# [Problem to solve]
Every entry that follows must be written out exactly, apart from its pictures.

Entries taken from a collection:
Start of Block

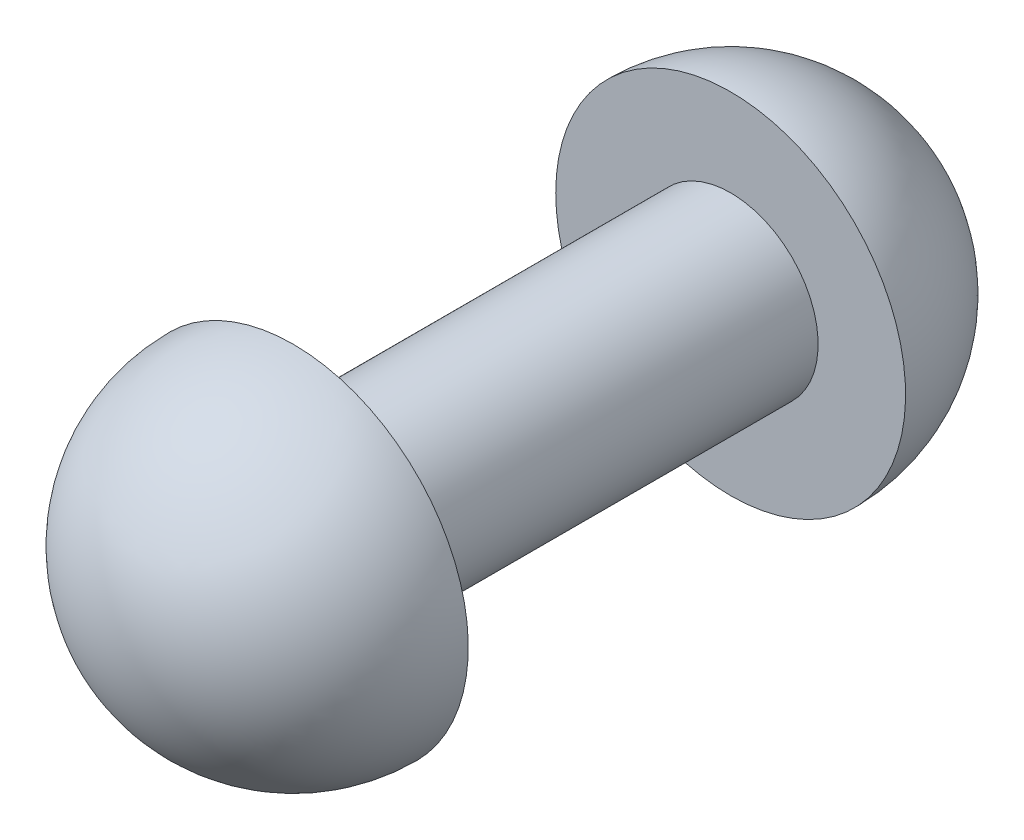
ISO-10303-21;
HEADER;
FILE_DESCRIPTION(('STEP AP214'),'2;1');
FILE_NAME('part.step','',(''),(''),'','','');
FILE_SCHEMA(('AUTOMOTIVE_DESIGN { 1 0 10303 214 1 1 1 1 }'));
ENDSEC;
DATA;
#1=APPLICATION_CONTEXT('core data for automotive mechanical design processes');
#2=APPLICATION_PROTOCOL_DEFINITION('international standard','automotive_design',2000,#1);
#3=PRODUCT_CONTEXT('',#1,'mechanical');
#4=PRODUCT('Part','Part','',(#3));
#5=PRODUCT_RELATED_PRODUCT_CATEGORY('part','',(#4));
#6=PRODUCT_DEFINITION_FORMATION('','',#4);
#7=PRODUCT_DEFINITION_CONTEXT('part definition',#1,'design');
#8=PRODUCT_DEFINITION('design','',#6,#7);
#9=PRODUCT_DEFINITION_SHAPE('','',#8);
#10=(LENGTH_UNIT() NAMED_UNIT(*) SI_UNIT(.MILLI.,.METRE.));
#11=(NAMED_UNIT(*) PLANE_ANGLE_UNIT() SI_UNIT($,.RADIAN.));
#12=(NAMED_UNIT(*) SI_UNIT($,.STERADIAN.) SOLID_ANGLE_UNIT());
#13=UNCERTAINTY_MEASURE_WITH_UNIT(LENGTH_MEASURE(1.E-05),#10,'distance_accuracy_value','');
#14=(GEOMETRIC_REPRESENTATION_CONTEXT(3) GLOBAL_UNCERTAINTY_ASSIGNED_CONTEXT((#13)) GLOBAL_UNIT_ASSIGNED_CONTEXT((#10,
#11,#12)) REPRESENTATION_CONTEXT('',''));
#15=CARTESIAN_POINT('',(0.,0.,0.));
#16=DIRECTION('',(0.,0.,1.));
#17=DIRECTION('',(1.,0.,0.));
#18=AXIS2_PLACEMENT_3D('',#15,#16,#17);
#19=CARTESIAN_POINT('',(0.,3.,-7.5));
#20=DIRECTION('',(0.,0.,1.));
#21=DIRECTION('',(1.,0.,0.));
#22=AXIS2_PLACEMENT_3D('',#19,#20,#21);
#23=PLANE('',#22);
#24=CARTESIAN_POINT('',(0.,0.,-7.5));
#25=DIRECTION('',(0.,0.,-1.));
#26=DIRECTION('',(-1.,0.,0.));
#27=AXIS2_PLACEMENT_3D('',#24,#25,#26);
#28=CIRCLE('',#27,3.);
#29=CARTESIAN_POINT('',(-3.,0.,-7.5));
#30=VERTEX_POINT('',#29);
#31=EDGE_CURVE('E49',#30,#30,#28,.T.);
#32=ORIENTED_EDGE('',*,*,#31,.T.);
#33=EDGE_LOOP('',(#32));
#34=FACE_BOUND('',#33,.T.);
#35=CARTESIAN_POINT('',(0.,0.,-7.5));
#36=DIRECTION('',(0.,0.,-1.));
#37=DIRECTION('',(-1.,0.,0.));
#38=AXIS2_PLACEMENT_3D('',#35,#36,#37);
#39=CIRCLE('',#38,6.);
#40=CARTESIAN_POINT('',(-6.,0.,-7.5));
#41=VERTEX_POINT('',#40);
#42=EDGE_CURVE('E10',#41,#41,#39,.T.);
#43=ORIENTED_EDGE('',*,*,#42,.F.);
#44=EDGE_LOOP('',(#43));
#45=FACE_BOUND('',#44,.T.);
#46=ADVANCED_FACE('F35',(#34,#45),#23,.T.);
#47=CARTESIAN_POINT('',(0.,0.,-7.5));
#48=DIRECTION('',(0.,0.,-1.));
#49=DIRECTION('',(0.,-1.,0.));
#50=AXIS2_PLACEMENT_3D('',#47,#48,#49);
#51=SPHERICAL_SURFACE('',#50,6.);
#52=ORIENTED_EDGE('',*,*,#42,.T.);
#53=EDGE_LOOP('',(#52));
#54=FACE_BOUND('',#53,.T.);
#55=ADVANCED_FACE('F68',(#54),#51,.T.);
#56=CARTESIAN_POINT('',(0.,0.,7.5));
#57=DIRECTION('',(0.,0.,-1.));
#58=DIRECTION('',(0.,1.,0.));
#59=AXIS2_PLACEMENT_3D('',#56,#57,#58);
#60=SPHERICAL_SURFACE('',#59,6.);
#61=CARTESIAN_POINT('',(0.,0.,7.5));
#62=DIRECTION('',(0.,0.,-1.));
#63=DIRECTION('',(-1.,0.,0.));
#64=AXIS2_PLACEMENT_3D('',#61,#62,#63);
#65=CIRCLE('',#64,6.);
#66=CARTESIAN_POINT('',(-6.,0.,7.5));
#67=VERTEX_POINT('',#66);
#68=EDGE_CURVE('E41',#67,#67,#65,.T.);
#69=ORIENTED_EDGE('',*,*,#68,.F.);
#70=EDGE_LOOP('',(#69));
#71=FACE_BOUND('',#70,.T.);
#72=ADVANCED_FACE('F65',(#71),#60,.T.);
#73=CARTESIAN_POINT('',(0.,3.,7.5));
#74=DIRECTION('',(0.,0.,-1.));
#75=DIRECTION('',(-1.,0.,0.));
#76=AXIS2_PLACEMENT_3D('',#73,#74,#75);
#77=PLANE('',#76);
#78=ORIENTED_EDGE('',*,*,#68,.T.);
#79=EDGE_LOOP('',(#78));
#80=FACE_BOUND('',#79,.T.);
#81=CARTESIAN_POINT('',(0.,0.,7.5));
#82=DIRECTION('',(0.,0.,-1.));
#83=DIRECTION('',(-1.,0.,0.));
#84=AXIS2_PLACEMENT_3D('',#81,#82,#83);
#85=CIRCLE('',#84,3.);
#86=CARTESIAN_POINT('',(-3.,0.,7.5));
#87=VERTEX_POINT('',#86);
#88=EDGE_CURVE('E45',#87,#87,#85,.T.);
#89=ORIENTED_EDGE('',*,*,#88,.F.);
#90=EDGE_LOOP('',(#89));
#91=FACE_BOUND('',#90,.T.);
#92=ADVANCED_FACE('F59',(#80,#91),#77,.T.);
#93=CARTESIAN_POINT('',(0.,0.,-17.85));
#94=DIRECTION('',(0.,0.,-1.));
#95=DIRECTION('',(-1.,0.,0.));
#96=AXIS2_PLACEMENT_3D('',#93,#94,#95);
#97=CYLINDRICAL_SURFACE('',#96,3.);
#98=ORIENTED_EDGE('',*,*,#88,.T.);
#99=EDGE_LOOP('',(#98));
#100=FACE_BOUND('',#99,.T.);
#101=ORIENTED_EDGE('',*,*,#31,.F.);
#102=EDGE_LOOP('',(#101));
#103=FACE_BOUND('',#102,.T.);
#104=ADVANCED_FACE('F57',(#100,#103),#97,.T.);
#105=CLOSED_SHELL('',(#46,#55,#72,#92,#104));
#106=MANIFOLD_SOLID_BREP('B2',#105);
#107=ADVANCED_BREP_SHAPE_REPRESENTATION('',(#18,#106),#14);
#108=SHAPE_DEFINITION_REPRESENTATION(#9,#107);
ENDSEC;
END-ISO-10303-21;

End of Block

# [Response box]
ISO-10303-21;
HEADER;
FILE_DESCRIPTION(('STEP AP214'),'2;1');
FILE_NAME('part.step','',(''),(''),'','','');
FILE_SCHEMA(('AUTOMOTIVE_DESIGN { 1 0 10303 214 1 1 1 1 }'));
ENDSEC;
DATA;
#1=APPLICATION_CONTEXT('core data for automotive mechanical design processes');
#2=APPLICATION_PROTOCOL_DEFINITION('international standard','automotive_design',2000,#1);
#3=PRODUCT_CONTEXT('',#1,'mechanical');
#4=PRODUCT('Part','Part','',(#3));
#5=PRODUCT_RELATED_PRODUCT_CATEGORY('part','',(#4));
#6=PRODUCT_DEFINITION_FORMATION('','',#4);
#7=PRODUCT_DEFINITION_CONTEXT('part definition',#1,'design');
#8=PRODUCT_DEFINITION('design','',#6,#7);
#9=PRODUCT_DEFINITION_SHAPE('','',#8);
#10=(LENGTH_UNIT() NAMED_UNIT(*) SI_UNIT(.MILLI.,.METRE.));
#11=(NAMED_UNIT(*) PLANE_ANGLE_UNIT() SI_UNIT($,.RADIAN.));
#12=(NAMED_UNIT(*) SI_UNIT($,.STERADIAN.) SOLID_ANGLE_UNIT());
#13=UNCERTAINTY_MEASURE_WITH_UNIT(LENGTH_MEASURE(1.E-05),#10,'distance_accuracy_value','');
#14=(GEOMETRIC_REPRESENTATION_CONTEXT(3) GLOBAL_UNCERTAINTY_ASSIGNED_CONTEXT((#13)) GLOBAL_UNIT_ASSIGNED_CONTEXT((#10,
#11,#12)) REPRESENTATION_CONTEXT('',''));
#15=CARTESIAN_POINT('',(0.,0.,0.));
#16=DIRECTION('',(0.,0.,1.));
#17=DIRECTION('',(1.,0.,0.));
#18=AXIS2_PLACEMENT_3D('',#15,#16,#17);
#19=CARTESIAN_POINT('',(0.,3.,-7.5));
#20=DIRECTION('',(0.,0.,1.));
#21=DIRECTION('',(1.,0.,0.));
#22=AXIS2_PLACEMENT_3D('',#19,#20,#21);
#23=PLANE('',#22);
#24=CARTESIAN_POINT('',(0.,0.,-7.5));
#25=DIRECTION('',(0.,0.,-1.));
#26=DIRECTION('',(-1.,0.,0.));
#27=AXIS2_PLACEMENT_3D('',#24,#25,#26);
#28=CIRCLE('',#27,3.);
#29=CARTESIAN_POINT('',(-3.,0.,-7.5));
#30=VERTEX_POINT('',#29);
#31=EDGE_CURVE('E49',#30,#30,#28,.T.);
#32=ORIENTED_EDGE('',*,*,#31,.T.);
#33=EDGE_LOOP('',(#32));
#34=FACE_BOUND('',#33,.T.);
#35=CARTESIAN_POINT('',(0.,0.,-7.5));
#36=DIRECTION('',(0.,0.,-1.));
#37=DIRECTION('',(-1.,0.,0.));
#38=AXIS2_PLACEMENT_3D('',#35,#36,#37);
#39=CIRCLE('',#38,6.);
#40=CARTESIAN_POINT('',(-6.,0.,-7.5));
#41=VERTEX_POINT('',#40);
#42=EDGE_CURVE('E10',#41,#41,#39,.T.);
#43=ORIENTED_EDGE('',*,*,#42,.F.);
#44=EDGE_LOOP('',(#43));
#45=FACE_BOUND('',#44,.T.);
#46=ADVANCED_FACE('F35',(#34,#45),#23,.T.);
#47=CARTESIAN_POINT('',(0.,0.,-7.5));
#48=DIRECTION('',(0.,0.,-1.));
#49=DIRECTION('',(0.,-1.,0.));
#50=AXIS2_PLACEMENT_3D('',#47,#48,#49);
#51=SPHERICAL_SURFACE('',#50,6.);
#52=ORIENTED_EDGE('',*,*,#42,.T.);
#53=EDGE_LOOP('',(#52));
#54=FACE_BOUND('',#53,.T.);
#55=ADVANCED_FACE('F68',(#54),#51,.T.);
#56=CARTESIAN_POINT('',(0.,0.,7.5));
#57=DIRECTION('',(0.,0.,-1.));
#58=DIRECTION('',(0.,1.,0.));
#59=AXIS2_PLACEMENT_3D('',#56,#57,#58);
#60=SPHERICAL_SURFACE('',#59,6.);
#61=CARTESIAN_POINT('',(0.,0.,7.5));
#62=DIRECTION('',(0.,0.,-1.));
#63=DIRECTION('',(-1.,0.,0.));
#64=AXIS2_PLACEMENT_3D('',#61,#62,#63);
#65=CIRCLE('',#64,6.);
#66=CARTESIAN_POINT('',(-6.,0.,7.5));
#67=VERTEX_POINT('',#66);
#68=EDGE_CURVE('E41',#67,#67,#65,.T.);
#69=ORIENTED_EDGE('',*,*,#68,.F.);
#70=EDGE_LOOP('',(#69));
#71=FACE_BOUND('',#70,.T.);
#72=ADVANCED_FACE('F65',(#71),#60,.T.);
#73=CARTESIAN_POINT('',(0.,3.,7.5));
#74=DIRECTION('',(0.,0.,-1.));
#75=DIRECTION('',(-1.,0.,0.));
#76=AXIS2_PLACEMENT_3D('',#73,#74,#75);
#77=PLANE('',#76);
#78=ORIENTED_EDGE('',*,*,#68,.T.);
#79=EDGE_LOOP('',(#78));
#80=FACE_BOUND('',#79,.T.);
#81=CARTESIAN_POINT('',(0.,0.,7.5));
#82=DIRECTION('',(0.,0.,-1.));
#83=DIRECTION('',(-1.,0.,0.));
#84=AXIS2_PLACEMENT_3D('',#81,#82,#83);
#85=CIRCLE('',#84,3.);
#86=CARTESIAN_POINT('',(-3.,0.,7.5));
#87=VERTEX_POINT('',#86);
#88=EDGE_CURVE('E45',#87,#87,#85,.T.);
#89=ORIENTED_EDGE('',*,*,#88,.F.);
#90=EDGE_LOOP('',(#89));
#91=FACE_BOUND('',#90,.T.);
#92=ADVANCED_FACE('F59',(#80,#91),#77,.T.);
#93=CARTESIAN_POINT('',(0.,0.,-17.85));
#94=DIRECTION('',(0.,0.,-1.));
#95=DIRECTION('',(-1.,0.,0.));
#96=AXIS2_PLACEMENT_3D('',#93,#94,#95);
#97=CYLINDRICAL_SURFACE('',#96,3.);
#98=ORIENTED_EDGE('',*,*,#88,.T.);
#99=EDGE_LOOP('',(#98));
#100=FACE_BOUND('',#99,.T.);
#101=ORIENTED_EDGE('',*,*,#31,.F.);
#102=EDGE_LOOP('',(#101));
#103=FACE_BOUND('',#102,.T.);
#104=ADVANCED_FACE('F57',(#100,#103),#97,.T.);
#105=CLOSED_SHELL('',(#46,#55,#72,#92,#104));
#106=MANIFOLD_SOLID_BREP('B2',#105);
#107=ADVANCED_BREP_SHAPE_REPRESENTATION('',(#18,#106),#14);
#108=SHAPE_DEFINITION_REPRESENTATION(#9,#107);
ENDSEC;
END-ISO-10303-21;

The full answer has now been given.